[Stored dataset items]
↓↓↓

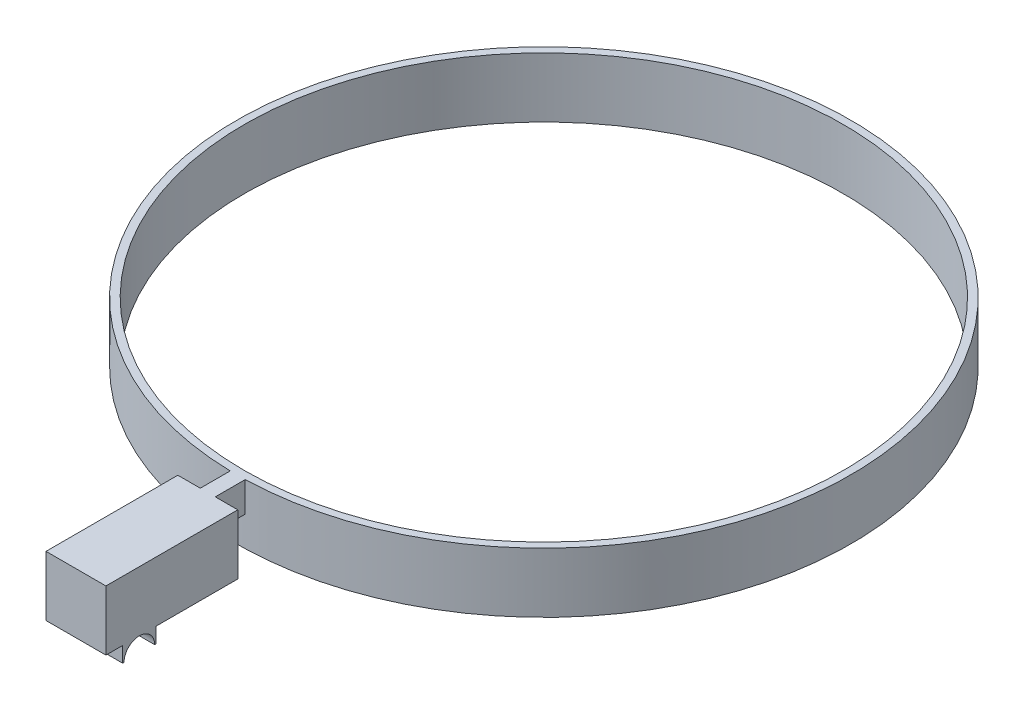
SolidWorks part; units mm, degrees
ref_plane "Front Plane" through (0, 0, 0) normal (0, 0, 1) x (1, 0, 0)
ref_plane "Top Plane" through (0, 0, 0) normal (0, 1, 0) x (1, 0, 0)
ref_plane "Right Plane" through (0, 0, 0) normal (1, 0, 0) x (0, 0, -1)
sketch "Sketch1" plane through (0, 0, 0) normal (0, 1, 0) x (1, 0, 0)
  circle A0 centre (0, 0) radius 100
  circle A1 centre (0, 0) radius 102.5
  dimension "D1" = 200
  dimension "D2" = 205
extrude "Boss-Extrude1" add sketch "Sketch1" along normal blind 20
sketch "Sketch2" plane through (0, 20, 0) normal (0, 1, 0) x (1, 0, 0)
  line L0 (0, -102.5) -> (0, 0) construction
  line L1 (-2.2014, -102.4764) -> (-2.2014, -112.4618)
  line L2 (-2.2014, -112.4618) -> (2.7986, -112.4618)
  line L3 (2.7986, -112.4618) -> (2.7986, -102.4618)
  line L4 (2.7986, -102.4618) -> (-2.2014, -102.4764)
  circle A1 centre (0, 0) radius 102.5
  arc A2 (-2.2014, -102.4764) -> (2.7986, -102.4618) centre (0, 0) ccw
  circle M7 centre (0, 0) radius 102.5
  dimension "D2" = 10
  dimension "D3" = 5
  dimension "D1" = 0
extrude "Boss-Extrude2" add sketch "Sketch2" against normal blind 10 contours L2 L3 A2 L1 M7
sketch "Sketch3" plane through (0, 0, 112.4618) normal (0, 0, 1) x (1, 0, 0)
  line L0 (-2.2014, 20) -> (2.7986, 20) construction
  line L2 (-9.7014, 20) -> (-9.7014, 0)
  line L3 (-9.7014, 0) -> (10.2986, 0)
  line L4 (10.2986, 20) -> (10.2986, 0)
  line L5 (0.2986, 20) -> (10.2986, 0) construction
  line L6 (-9.7014, 0) -> (0.2986, 20) construction
  line L7 (-9.7014, 20) -> (10.2986, 20)
  point P0 (0.2986, 20)
  dimension "D1" = 20
  dimension "D2" = 20
  dimension "D3" = 20
  dimension "D4" = 10
extrude "Boss-Extrude3" add sketch "Sketch3" along normal blind 44
sketch "Sketch4" plane through (-9.7014, 0, 0) normal (-1, 0, 0) x (0, 0, 1)
  line L1 (139.7118, 0) -> (139.7118, -5.1)
  line L2 (156.4618, 0) -> (112.4618, 0) construction
  line L3 (139.7118, -5.1) -> (140.2118, -5.1)
  line L5 (150.4118, -5.1) -> (150.9118, -5.1)
  line L6 (150.9118, -5.1) -> (150.9118, 0)
  line L7 (150.9118, 0) -> (139.7118, 0)
  arc A1 (150.4118, -5.1) -> (140.2118, -5.1) centre (145.3118, -5.1) ccw
  point P1 (145.3118, 0)
  line M9 (112.4618, 0) -> (156.4618, 0)
  dimension "D1" = 5.1
  dimension "D2" = 5.1
  dimension "D3" = 0.5
  dimension "D4" = 0.5
  dimension "D5" = 11.2
  dimension "D6" = 11.15
extrude "Boss-Extrude5" add sketch "Sketch4" against normal blind 20 contours A1 L1 L3 M9 | A1 L5 L6 L7

↑↑↑

### REQUIRED ACTION
Show all lines in the entries above where the string "against" appears.

### EXPECTED ANSWER
extrude "Boss-Extrude2" add sketch "Sketch2" against normal blind 10 contours L2 L3 A2 L1 M7
extrude "Boss-Extrude5" add sketch "Sketch4" against normal blind 20 contours A1 L1 L3 M9 | A1 L5 L6 L7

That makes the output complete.